» **Activity**
Task for the records below: please retype exactly and only the lines from the first through the one with "#18=AXIS2_PLACEMENT_3D('',#15,#16,#17);", with every picture omitted.

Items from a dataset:
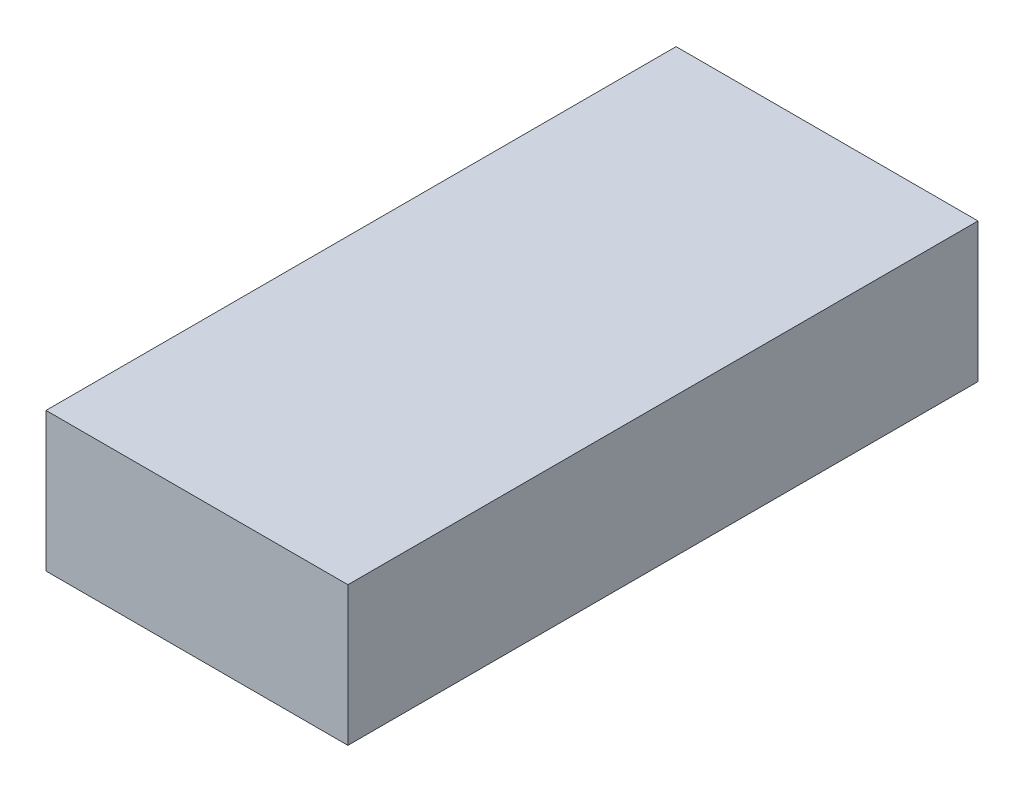
ISO-10303-21;
HEADER;
FILE_DESCRIPTION(('STEP AP214'),'2;1');
FILE_NAME('part.step','',(''),(''),'','','');
FILE_SCHEMA(('AUTOMOTIVE_DESIGN { 1 0 10303 214 1 1 1 1 }'));
ENDSEC;
DATA;
#1=APPLICATION_CONTEXT('core data for automotive mechanical design processes');
#2=APPLICATION_PROTOCOL_DEFINITION('international standard','automotive_design',2000,#1);
#3=PRODUCT_CONTEXT('',#1,'mechanical');
#4=PRODUCT('Part','Part','',(#3));
#5=PRODUCT_RELATED_PRODUCT_CATEGORY('part','',(#4));
#6=PRODUCT_DEFINITION_FORMATION('','',#4);
#7=PRODUCT_DEFINITION_CONTEXT('part definition',#1,'design');
#8=PRODUCT_DEFINITION('design','',#6,#7);
#9=PRODUCT_DEFINITION_SHAPE('','',#8);
#10=(LENGTH_UNIT() NAMED_UNIT(*) SI_UNIT(.MILLI.,.METRE.));
#11=(NAMED_UNIT(*) PLANE_ANGLE_UNIT() SI_UNIT($,.RADIAN.));
#12=(NAMED_UNIT(*) SI_UNIT($,.STERADIAN.) SOLID_ANGLE_UNIT());
#13=UNCERTAINTY_MEASURE_WITH_UNIT(LENGTH_MEASURE(1.E-05),#10,'distance_accuracy_value','');
#14=(GEOMETRIC_REPRESENTATION_CONTEXT(3) GLOBAL_UNCERTAINTY_ASSIGNED_CONTEXT((#13)) GLOBAL_UNIT_ASSIGNED_CONTEXT((#10,
#11,#12)) REPRESENTATION_CONTEXT('',''));
#15=CARTESIAN_POINT('',(0.,0.,0.));
#16=DIRECTION('',(0.,0.,1.));
#17=DIRECTION('',(1.,0.,0.));
#18=AXIS2_PLACEMENT_3D('',#15,#16,#17);
#19=CARTESIAN_POINT('',(-57.5,53.,120.));
#20=DIRECTION('',(1.,0.,0.));
#21=DIRECTION('',(0.,0.,-1.));
#22=AXIS2_PLACEMENT_3D('',#19,#20,#21);
#23=PLANE('',#22);
#24=DIRECTION('',(0.,0.,1.));
#25=VECTOR('',#24,1.);
#26=CARTESIAN_POINT('',(-57.5,0.,120.));
#27=LINE('',#26,#25);
#28=CARTESIAN_POINT('',(-57.5,0.,-120.));
#29=VERTEX_POINT('',#28);
#30=CARTESIAN_POINT('',(-57.5,0.,120.));
#31=VERTEX_POINT('',#30);
#32=EDGE_CURVE('E97',#29,#31,#27,.T.);
#33=ORIENTED_EDGE('',*,*,#32,.T.);
#34=DIRECTION('',(0.,-1.,0.));
#35=VECTOR('',#34,1.);
#36=CARTESIAN_POINT('',(-57.5,53.,120.));
#37=LINE('',#36,#35);
#38=CARTESIAN_POINT('',(-57.5,53.,120.));
#39=VERTEX_POINT('',#38);
#40=EDGE_CURVE('E11',#39,#31,#37,.T.);
#41=ORIENTED_EDGE('',*,*,#40,.F.);
#42=DIRECTION('',(0.,0.,1.));
#43=VECTOR('',#42,1.);
#44=CARTESIAN_POINT('',(-57.5,53.,120.));
#45=LINE('',#44,#43);
#46=CARTESIAN_POINT('',(-57.5,53.,-120.));
#47=VERTEX_POINT('',#46);
#48=EDGE_CURVE('E85',#47,#39,#45,.T.);
#49=ORIENTED_EDGE('',*,*,#48,.F.);
#50=DIRECTION('',(0.,-1.,0.));
#51=VECTOR('',#50,1.);
#52=CARTESIAN_POINT('',(-57.5,53.,-120.));
#53=LINE('',#52,#51);
#54=EDGE_CURVE('E93',#47,#29,#53,.T.);
#55=ORIENTED_EDGE('',*,*,#54,.T.);
#56=EDGE_LOOP('',(#33,#41,#49,#55));
#57=FACE_BOUND('',#56,.T.);
#58=ADVANCED_FACE('F34',(#57),#23,.F.);
#59=CARTESIAN_POINT('',(57.5,53.,120.));
#60=DIRECTION('',(0.,0.,-1.));
#61=DIRECTION('',(-1.,0.,0.));
#62=AXIS2_PLACEMENT_3D('',#59,#60,#61);
#63=PLANE('',#62);
#64=DIRECTION('',(1.,0.,0.));
#65=VECTOR('',#64,1.);
#66=CARTESIAN_POINT('',(57.5,0.,120.));
#67=LINE('',#66,#65);
#68=CARTESIAN_POINT('',(57.5,0.,120.));
#69=VERTEX_POINT('',#68);
#70=EDGE_CURVE('E89',#31,#69,#67,.T.);
#71=ORIENTED_EDGE('',*,*,#70,.T.);
#72=DIRECTION('',(0.,-1.,0.));
#73=VECTOR('',#72,1.);
#74=CARTESIAN_POINT('',(57.5,53.,120.));
#75=LINE('',#74,#73);
#76=CARTESIAN_POINT('',(57.5,53.,120.));
#77=VERTEX_POINT('',#76);
#78=EDGE_CURVE('E42',#77,#69,#75,.T.);
#79=ORIENTED_EDGE('',*,*,#78,.F.);
#80=DIRECTION('',(1.,0.,0.));
#81=VECTOR('',#80,1.);
#82=CARTESIAN_POINT('',(57.5,53.,120.));
#83=LINE('',#82,#81);
#84=EDGE_CURVE('E80',#39,#77,#83,.T.);
#85=ORIENTED_EDGE('',*,*,#84,.F.);
#86=ORIENTED_EDGE('',*,*,#40,.T.);
#87=EDGE_LOOP('',(#71,#79,#85,#86));
#88=FACE_BOUND('',#87,.T.);
#89=ADVANCED_FACE('F88',(#88),#63,.F.);
#90=CARTESIAN_POINT('',(57.5,53.,120.));
#91=DIRECTION('',(-1.,0.,0.));
#92=DIRECTION('',(0.,0.,1.));
#93=AXIS2_PLACEMENT_3D('',#90,#91,#92);
#94=PLANE('',#93);
#95=DIRECTION('',(0.,0.,-1.));
#96=VECTOR('',#95,1.);
#97=CARTESIAN_POINT('',(57.5,0.,120.));
#98=LINE('',#97,#96);
#99=CARTESIAN_POINT('',(57.5,0.,-120.));
#100=VERTEX_POINT('',#99);
#101=EDGE_CURVE('E67',#69,#100,#98,.T.);
#102=ORIENTED_EDGE('',*,*,#101,.T.);
#103=DIRECTION('',(0.,-1.,0.));
#104=VECTOR('',#103,1.);
#105=CARTESIAN_POINT('',(57.5,53.,-120.));
#106=LINE('',#105,#104);
#107=CARTESIAN_POINT('',(57.5,53.,-120.));
#108=VERTEX_POINT('',#107);
#109=EDGE_CURVE('E90',#108,#100,#106,.T.);
#110=ORIENTED_EDGE('',*,*,#109,.F.);
#111=DIRECTION('',(0.,0.,-1.));
#112=VECTOR('',#111,1.);
#113=CARTESIAN_POINT('',(57.5,53.,120.));
#114=LINE('',#113,#112);
#115=EDGE_CURVE('E83',#77,#108,#114,.T.);
#116=ORIENTED_EDGE('',*,*,#115,.F.);
#117=ORIENTED_EDGE('',*,*,#78,.T.);
#118=EDGE_LOOP('',(#102,#110,#116,#117));
#119=FACE_BOUND('',#118,.T.);
#120=ADVANCED_FACE('F91',(#119),#94,.F.);
#121=CARTESIAN_POINT('',(57.5,53.,-120.));
#122=DIRECTION('',(0.,0.,1.));
#123=DIRECTION('',(1.,0.,0.));
#124=AXIS2_PLACEMENT_3D('',#121,#122,#123);
#125=PLANE('',#124);
#126=DIRECTION('',(-1.,0.,0.));
#127=VECTOR('',#126,1.);
#128=CARTESIAN_POINT('',(57.5,0.,-120.));
#129=LINE('',#128,#127);
#130=EDGE_CURVE('E73',#100,#29,#129,.T.);
#131=ORIENTED_EDGE('',*,*,#130,.T.);
#132=ORIENTED_EDGE('',*,*,#54,.F.);
#133=DIRECTION('',(-1.,0.,0.));
#134=VECTOR('',#133,1.);
#135=CARTESIAN_POINT('',(57.5,53.,-120.));
#136=LINE('',#135,#134);
#137=EDGE_CURVE('E50',#108,#47,#136,.T.);
#138=ORIENTED_EDGE('',*,*,#137,.F.);
#139=ORIENTED_EDGE('',*,*,#109,.T.);
#140=EDGE_LOOP('',(#131,#132,#138,#139));
#141=FACE_BOUND('',#140,.T.);
#142=ADVANCED_FACE('F104',(#141),#125,.F.);
#143=CARTESIAN_POINT('',(0.,53.,0.));
#144=DIRECTION('',(0.,1.,0.));
#145=DIRECTION('',(0.,0.,1.));
#146=AXIS2_PLACEMENT_3D('',#143,#144,#145);
#147=PLANE('',#146);
#148=ORIENTED_EDGE('',*,*,#48,.T.);
#149=ORIENTED_EDGE('',*,*,#84,.T.);
#150=ORIENTED_EDGE('',*,*,#115,.T.);
#151=ORIENTED_EDGE('',*,*,#137,.T.);
#152=EDGE_LOOP('',(#148,#149,#150,#151));
#153=FACE_BOUND('',#152,.T.);
#154=ADVANCED_FACE('F81',(#153),#147,.T.);
#155=CARTESIAN_POINT('',(0.,0.,0.));
#156=DIRECTION('',(0.,1.,0.));
#157=DIRECTION('',(0.,0.,1.));
#158=AXIS2_PLACEMENT_3D('',#155,#156,#157);
#159=PLANE('',#158);
#160=ORIENTED_EDGE('',*,*,#32,.F.);
#161=ORIENTED_EDGE('',*,*,#130,.F.);
#162=ORIENTED_EDGE('',*,*,#101,.F.);
#163=ORIENTED_EDGE('',*,*,#70,.F.);
#164=EDGE_LOOP('',(#160,#161,#162,#163));
#165=FACE_BOUND('',#164,.T.);
#166=ADVANCED_FACE('F107',(#165),#159,.F.);
#167=CLOSED_SHELL('',(#58,#89,#120,#142,#154,#166));
#168=MANIFOLD_SOLID_BREP('B2',#167);
#169=ADVANCED_BREP_SHAPE_REPRESENTATION('',(#18,#168),#14);
#170=SHAPE_DEFINITION_REPRESENTATION(#9,#169);
ENDSEC;
END-ISO-10303-21;

» **Answer**
ISO-10303-21;
HEADER;
FILE_DESCRIPTION(('STEP AP214'),'2;1');
FILE_NAME('part.step','',(''),(''),'','','');
FILE_SCHEMA(('AUTOMOTIVE_DESIGN { 1 0 10303 214 1 1 1 1 }'));
ENDSEC;
DATA;
#1=APPLICATION_CONTEXT('core data for automotive mechanical design processes');
#2=APPLICATION_PROTOCOL_DEFINITION('international standard','automotive_design',2000,#1);
#3=PRODUCT_CONTEXT('',#1,'mechanical');
#4=PRODUCT('Part','Part','',(#3));
#5=PRODUCT_RELATED_PRODUCT_CATEGORY('part','',(#4));
#6=PRODUCT_DEFINITION_FORMATION('','',#4);
#7=PRODUCT_DEFINITION_CONTEXT('part definition',#1,'design');
#8=PRODUCT_DEFINITION('design','',#6,#7);
#9=PRODUCT_DEFINITION_SHAPE('','',#8);
#10=(LENGTH_UNIT() NAMED_UNIT(*) SI_UNIT(.MILLI.,.METRE.));
#11=(NAMED_UNIT(*) PLANE_ANGLE_UNIT() SI_UNIT($,.RADIAN.));
#12=(NAMED_UNIT(*) SI_UNIT($,.STERADIAN.) SOLID_ANGLE_UNIT());
#13=UNCERTAINTY_MEASURE_WITH_UNIT(LENGTH_MEASURE(1.E-05),#10,'distance_accuracy_value','');
#14=(GEOMETRIC_REPRESENTATION_CONTEXT(3) GLOBAL_UNCERTAINTY_ASSIGNED_CONTEXT((#13)) GLOBAL_UNIT_ASSIGNED_CONTEXT((#10,
#11,#12)) REPRESENTATION_CONTEXT('',''));
#15=CARTESIAN_POINT('',(0.,0.,0.));
#16=DIRECTION('',(0.,0.,1.));
#17=DIRECTION('',(1.,0.,0.));
#18=AXIS2_PLACEMENT_3D('',#15,#16,#17);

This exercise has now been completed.